The tier is not a personality assessment. It is calibrated to the artifact you produced for this one Capstone. The same person can score 65 on one contribution and 95 on the next.


How to Self-Grade

Block 30 minutes. Open this rubric. Open your own artifacts side by side (JIRA, PR, code, root-cause doc, write-up, validation report). Score each dimension by reading the band descriptions and picking the one that most honestly matches what you produced.

Two rules:

  1. No interpolation upward. If you're between 14 and 17 on a dimension and unsure, score 14. The optimist's tax.
  2. One independent reviewer. Ask a peer (ideally another contributor) to score independently on the same rubric. If your scores differ by more than 10 points on any dimension, talk about it. The difference is where the calibration lives.

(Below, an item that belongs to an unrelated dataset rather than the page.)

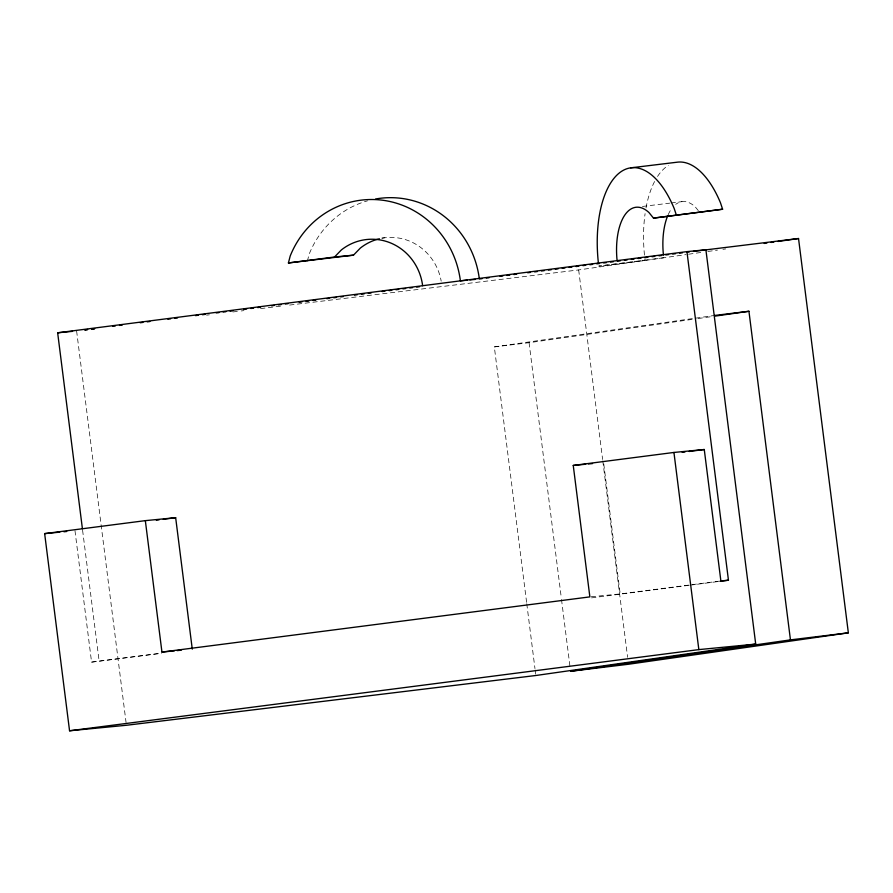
<?xml version="1.0" encoding="UTF-8"?>
<svg xmlns="http://www.w3.org/2000/svg" width="893" height="893" viewBox="0 0 893 893"><rect width="100%" height="100%" fill="white"/><g stroke="black" fill="none" stroke-linecap="round" stroke-linejoin="round"><path stroke-width="0.67" stroke-dasharray="4.46 3.35" d="M307.371 261.113L309.145 254.215A92.738 88.831 84.5 0 1 367.57 200.813M289.6 305.071L578.664 269.932L685.98 254.605M688.603 254.226L702.345 252.261M707.836 251.48L717.459 250.107M722.962 249.314L725.708 248.924M526.602 602.328L494.331 346.908L712.826 315.698M494.331 346.908L529.069 342.689L692.6 319.326M698.092 318.544L711.833 316.58M74.979 530.688L91.577 662.126L160.55 653.23M591.233 596.747L620.188 593.934L719.49 581.131M91.577 662.126L161.399 653.363M591.534 597.875L688.347 585.395M689.731 585.216L718.776 581.466M642.458 206.45L669.694 203.146M671.067 202.979L681.962 201.651M663.722 257.776L598.745 266.069L645.07 260.443A92.738 43.969 83.1 0 1 644.612 256.447M206.618 315.151L209.386 314.816M232.894 311.958L239.815 311.121M241.199 310.954L243.968 310.619M260.555 308.598L282.69 305.908M381.903 238.063L384.615 237.795M698.315 210.625L695.29 206.919A53 25.127 83.1 0 0 675.744 204.363M603.757 463.88L620.188 593.934M578.664 269.932L602.619 459.471M602.786 460.855L627.612 657.326M529.069 342.689L561.34 598.109M561.507 599.482L570.236 668.522M526.77 603.713L534.974 668.6M535.141 669.984L535.666 674.126M76.608 330.957L126.069 722.504M82.591 530.23L99.168 661.389M644.467 255.108A92.738 43.969 83.1 0 1 645.092 213.606M646.007 207.957A92.738 43.969 83.1 0 1 654.915 180.877M657.527 176.468A92.738 43.969 83.1 0 1 668.41 165.384M382.003 238.208A53 50.756 84.5 0 1 441.187 281.15M668.187 214.677A53 25.127 83.1 0 1 672.061 208.08"/><path stroke-width="1.34" d="M379.391 238.766A53 50.756 84.5 0 0 360.325 248.087L353.483 255.164L288.417 262.955L290.192 256.045A92.738 88.831 84.5 0 1 383.867 200.4A92.738 88.831 84.5 0 1 460.397 280.849L467.162 280.19M288.417 262.955L334.529 257.005L341.372 249.928A53 50.756 84.5 0 1 422.635 285.715M617.096 260.667A53 25.127 83.1 0 1 648.965 212.545L653.497 218.115L722.604 209.23L720.495 202.834A92.738 43.969 83.1 0 0 676.983 162.225L630.659 167.851M722.604 209.23L653.497 218.115M764.185 243.432L766.931 243.041M771.05 242.449L773.807 242.059M777.926 241.467L798.532 238.52L848.35 632.836L628.482 664.247L570.582 671.279L790.45 639.879L848.35 632.836M714.579 316.189L748.937 311.277L790.45 639.879M82.424 528.846L57.654 332.799L686.94 251.625L705.894 249.783L755.712 644.099L535.845 675.499L126.426 725.272L69.554 730.775L44.65 533.623L145.336 520.641L175.664 517.694L192.274 649.133M84.902 329.885L87.67 329.528L84.902 329.952M91.812 328.992L94.58 328.635M112.551 326.325L115.32 325.967M119.472 325.432L122.229 325.074M140.201 322.753L142.969 322.395M147.122 321.86L149.879 321.502M167.851 319.192L170.619 318.834M174.771 318.299L177.528 317.941M195.511 315.62L198.268 315.262M202.421 314.727L205.178 314.369M216.24 312.941L219.008 312.595M223.161 312.059L225.918 311.702M230.07 311.166L232.839 310.809M243.889 309.38L246.658 309.023M250.81 308.487L253.567 308.13M257.72 307.594L260.488 307.237M271.55 305.808L274.307 305.451M278.46 304.926L281.217 304.569M285.369 304.033L288.138 303.676M299.2 302.247L301.957 301.89M306.109 301.354L308.878 300.997M313.019 300.461L315.787 300.104M326.849 298.675L329.606 298.318M333.759 297.782L336.527 297.436M340.668 296.9L343.437 296.543M354.499 295.114L357.256 294.757M361.408 294.221L364.177 293.864M368.318 293.328L371.086 292.971M382.148 291.542L384.916 291.185M389.058 290.649L391.826 290.303M395.967 289.767L398.736 289.41M402.888 288.874L405.645 288.517M409.798 287.981L412.566 287.624M416.707 287.088L419.476 286.731M482.12 278.649L479.351 279.007A92.738 88.831 84.5 0 0 375.596 198.983M486.261 278.114L489.018 277.756M500.069 276.339L502.837 275.982M506.978 275.446L509.747 275.089M513.888 274.553L516.645 274.196M527.696 272.767L530.464 272.41M534.606 271.885L537.374 271.528M541.515 270.992L544.272 270.635M548.425 270.099L551.182 269.742M555.323 269.206L558.092 268.849M562.233 268.313L565.001 267.956M569.142 267.42L571.9 267.074M576.052 266.538L578.809 266.181M582.95 265.645L585.719 265.288M589.86 264.752L592.628 264.395M596.77 263.859L599.527 263.502M603.679 262.966L606.436 262.62M610.578 262.084L613.346 261.727M617.487 261.191L620.255 260.834M624.397 260.298L627.154 259.941M631.306 259.405L634.063 259.048M638.205 258.512L640.973 258.155M645.114 257.63L647.883 257.273M652.024 256.738L654.781 256.38M658.934 255.844L661.691 255.487M665.832 254.952L668.6 254.594M672.742 254.058L675.51 253.701M679.651 253.166L682.408 252.819M686.561 252.284L689.318 251.926M693.459 251.391L798.532 238.52M145.336 520.641L161.946 652.069L589.86 596.881L573.25 465.443L673.936 452.45L704.264 449.514L720.874 580.952L728.454 580.216L686.94 251.625M156.353 520.184L159.11 519.838M163.252 519.302L175.664 517.694M682.196 452.36L684.953 452.003M689.095 451.467L704.264 449.514M720.149 581.287L728.454 580.216M69.554 730.775L698.839 649.613L755.712 644.099M91.823 329.104L94.591 328.769M714.199 315.508L748.937 311.277M334.529 257.005L353.483 255.164M469.874 279.922L475.288 279.397M57.654 332.799L72.545 331.348M573.25 465.443L585.663 464.237M588.42 463.969L592.55 463.567M44.65 533.623L59.809 532.15M63.95 531.759L66.707 531.491M161.946 652.069L174.347 650.874M177.104 650.606L181.246 650.204M676.291 214.856L674.17 208.471A92.738 43.969 83.1 0 0 620.356 172.17A92.738 43.969 83.1 0 0 598.433 263.413M673.936 452.45L698.839 649.613M663.421 255.041A53 25.127 83.1 0 1 667.685 215.849"/></g></svg>
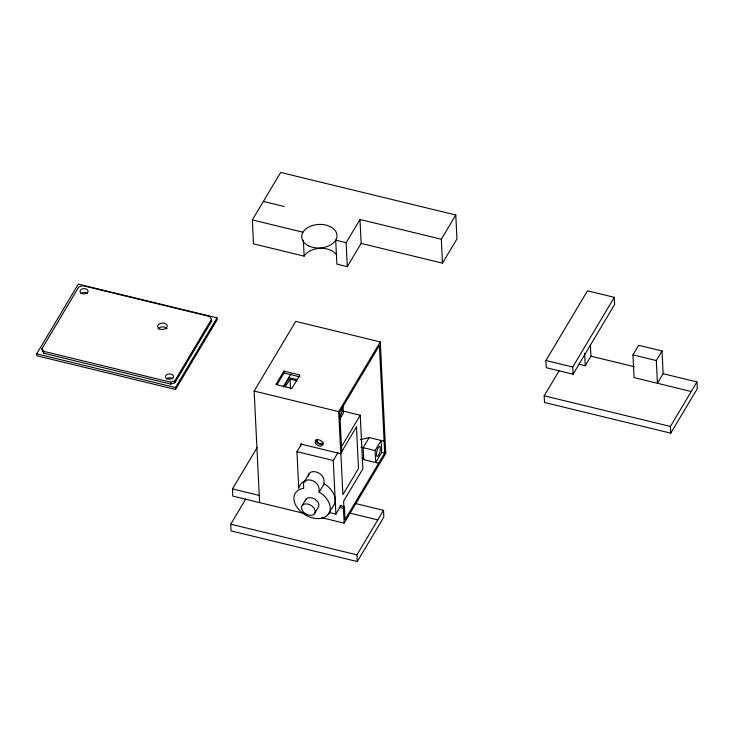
<?xml version="1.0" encoding="UTF-8"?>
<svg xmlns="http://www.w3.org/2000/svg" width="734" height="734" viewBox="0 0 734 734"><rect width="100%" height="100%" fill="white"/><g stroke="black" fill="none" stroke-linecap="round" stroke-linejoin="round"><path stroke-width="1.1" d="M283.517 387.057L289.113 377.671L296.609 379.496L296.141 380.561L290.031 379.258L285.205 386.745M36.7 353.843L78.281 284.141L217.025 317.84L217.117 319.758L175.536 389.47L36.792 355.761L36.7 353.843L175.444 387.552L217.025 317.84M41.994 348.613L78.758 286.985L82.942 285.691L209.768 316.501L211.548 319.244L211.64 321.134L174.875 382.763L170.692 384.065L43.856 353.274L42.086 350.531L41.994 348.613L43.765 351.357L43.856 353.274M336.768 255.083A17.68 11.781 -2.8 0 0 320.363 248.34A17.68 11.781 -2.8 0 0 304.133 256.148L253.514 243.844L252.349 219.916L280.663 172.453L455.786 214.998L456.952 238.926L442.501 263.167L361.156 243.404L347.301 266.635L336.878 264.102L335.713 240.174L346.127 242.706L359.99 219.475L441.327 239.238L455.786 214.998M174.875 382.763L174.784 380.873L211.548 319.244M259.607 502.597L254.148 391.084L295.738 321.373L380.295 341.916L385.745 453.438L344.163 523.14L321.905 517.736M283.893 371.092L275.883 384.515L291.884 388.405L299.894 374.982L283.893 371.092L283.985 373L277.122 384.515M283.507 386.405L290.921 373.982M305.225 513.681L232.806 496.092L232.458 488.908L257.056 447.676M355.146 503.441L383.515 510.341L383.845 517.039L357.293 561.547L231.054 530.875L230.733 524.177L245.78 498.946M298.747 488.44L296.949 451.667L301.555 443.942M300.656 446.244L300.545 443.969L340.769 453.74L338.704 411.627L380.295 341.916M339.567 419.49L343.393 413.068L343.026 405.452M304.39 481.632L309.326 473.357M302.27 505.432L306.014 499.175M329.483 512.534L335.888 514.094L333.264 460.493L337.869 452.768M340.98 447.566L360.256 415.242L342.65 410.967M340.769 453.74L341.732 452.126L339.759 411.921L379.423 345.448L384.689 453.135L345.035 519.617L344.402 506.689L340.053 505.634M319.171 492.156L318.987 488.257A8.358 5.698 30.8 0 0 310.941 480.155A8.358 5.698 30.8 0 0 303.5 484.495L303.692 488.394L302.371 488.514A19.607 13.359 30.8 0 0 298.619 509.368A19.607 13.359 30.8 0 0 326.447 516.13A19.607 13.359 30.8 0 0 320.538 492.927L319.171 492.156L324.116 483.88L323.923 479.972A8.358 5.698 30.8 0 0 315.877 471.87A8.358 5.698 30.8 0 0 308.445 476.21M314.4 513.818A7.395 5.037 30.8 0 0 308.069 504.12A7.395 5.037 30.8 0 0 302.546 510.937A7.395 5.037 30.8 0 0 314.4 513.818L318.143 507.561A7.395 5.037 30.8 0 0 314.446 498.918A7.395 5.037 30.8 0 0 305.39 500.331M384.102 441.171L369.211 437.556L363.192 447.657L363.78 459.622L378.661 463.237M328.162 514.488L333.098 506.203A19.607 13.359 30.8 0 0 325.474 484.651L324.116 483.88M335.888 514.094L341.071 505.405M375.102 450.548L381.12 440.446L381.708 452.41L375.689 462.512L375.102 450.548L361.027 447.162M344.163 523.14L343.439 508.304L344.402 506.689M357.293 561.547L356.963 554.849L383.515 510.341M545.913 360.522L587.494 290.811L614.294 297.325L614.642 304.5L573.061 374.212L546.261 367.697L545.913 360.522L572.713 367.037L614.294 297.325M691.263 391.516L634.057 377.615L632.947 354.88L638.653 345.319L662.031 350.99L656.324 360.559L657.435 383.295L663.141 373.725L696.97 381.946L697.3 388.644L670.748 433.161L544.509 402.489L544.188 395.791L559.235 370.551M578.851 364.202L585.237 365.752L590.943 356.183L590.384 344.824M670.748 433.161L670.417 426.454L696.97 381.946M43.765 351.357L170.6 382.175L174.784 380.873M360.348 439.703L369.211 437.556M263.368 201.437L284.214 206.502M252.349 219.916L302.958 232.21M632.947 354.88L656.324 360.559M590.943 356.183L634.222 366.697M544.188 395.791L670.417 426.454M283.985 373L299.986 376.891M254.148 391.084L338.704 411.627M381.708 452.41L384.689 453.135M296.949 451.667L333.264 460.493M339.09 507.249L343.439 508.304M349.439 513.011L377.808 519.901M232.458 488.908L259.258 495.422M230.733 524.177L356.963 554.849M362.055 458.154L363.78 459.622M662.031 350.99L663.141 373.725M584.622 353.247L585.237 365.752M572.713 367.037L573.061 374.212M441.327 239.238L442.501 263.167M359.99 219.475L361.156 243.404M360.256 415.242L362.88 468.852L343.604 501.166L344.09 511.158M346.127 242.706L347.301 266.635M303.353 240.192L304.133 256.148M296.609 379.496L296.71 381.616M175.444 387.552L175.536 389.47M170.6 382.175L170.692 384.065M290.031 379.258L290.499 388.947M81.024 293.572A4.019 2.679 -2.8 0 1 87.392 293.371M166.48 378.891A4.019 2.679 -2.8 0 1 172.848 378.68M158.131 329.025A4.817 3.211 -2.8 0 1 162.553 326.896A4.817 3.211 -2.8 0 1 167.031 328.731M323.419 443.657A4.175 2.844 30.8 0 1 318.648 443.804A4.175 2.844 30.8 0 1 316.207 439.574M341.594 407.324A5.138 1.551 -76.3 0 1 341.659 412.26A5.138 1.551 -76.3 0 1 339.392 417.004M299.288 487.046A19.607 13.359 30.8 0 1 305.39 480.816M322.969 442.015A3.211 2.193 30.8 0 1 319.336 443.409A3.211 2.193 30.8 0 1 317.354 439.464M356.467 426.931L340.86 453.098L342.888 494.67L358.495 468.503L356.467 426.931M308.693 245.89A17.68 11.781 -2.8 0 0 336.869 237.155A17.68 11.781 -2.8 0 0 312.445 225.522A17.68 11.781 -2.8 0 0 308.693 245.89M167.077 378.79A4.019 2.679 -2.8 0 0 173.481 376.808A4.019 2.679 -2.8 0 0 167.93 374.166A4.019 2.679 -2.8 0 0 167.077 378.79M81.621 293.481A4.019 2.679 -2.8 0 0 88.025 291.499A4.019 2.679 -2.8 0 0 82.474 288.847A4.019 2.679 -2.8 0 0 81.621 293.481M159.507 328.924A4.817 3.211 -2.8 0 0 167.187 326.547A4.817 3.211 -2.8 0 0 160.526 323.373A4.817 3.211 -2.8 0 0 159.507 328.924M315.748 443.648A4.175 2.844 30.8 0 0 322.455 445.272A4.175 2.844 30.8 0 0 318.877 439.794A4.175 2.844 30.8 0 0 315.748 443.648M378.707 455.108A5.138 1.551 -76.3 0 0 379.909 446.676A5.138 1.551 -76.3 0 0 376.597 452.658A5.138 1.551 -76.3 0 0 378.707 455.108"/></g></svg>

Record both scores in capstone-work/self-grade.md along with one sentence per dimension on what would have moved the score up one band. This becomes the input for the next contribution's plan.


What to Do With a Low Score

Lowest dimensionNext contribution focus
Problem articulationPick a smaller, sharper bug. Write the one-paragraph statement before opening the JIRA edit, and post it for review.
Execution-path masteryPick a bug in a layer you've never traced (e.g. you've done DAG-level, now do shuffle-level). Force yourself to write the path doc before reading the existing tests.
Implementation qualityPick a bug where the minimum fix is < 10 lines. Practice the discipline of leaving the surrounding code untouched.
TestingPick a flaky-test JIRA (Stage 9 of the roadmap). The whole bug is about testing discipline.
Review responsivenessPick a bug in a high-traffic area where you'll get more reviewers. Set a 24-hour SLA for yourself on every comment.
DocumentationPick a bug that requires a Release Notes entry. Write the entry before the fix is done.
Community interactionReply substantively to three other contributors' patches before opening your next one.

Validation / Self-check

Before declaring the Capstone done:

  1. capstone-work/self-grade.md exists with a score per dimension and a total.
  2. The total is honest, not aspirational — you can defend each dimension's score with citations to your own artifacts.
  3. At least one independent reviewer has also scored, and disagreements

    10 points on any dimension have been discussed.

  4. The lowest dimension is identified and the next contribution's focus is written down.
  5. The score is recorded somewhere you'll see again in 3 months (calendar reminder, journal, follow-on JIRA list).
  6. You understand that the tier label ("Contributor", "Committer-ready") describes this one piece of work, not you.
  7. You have a candidate next bug picked, with the focus dimension in mind.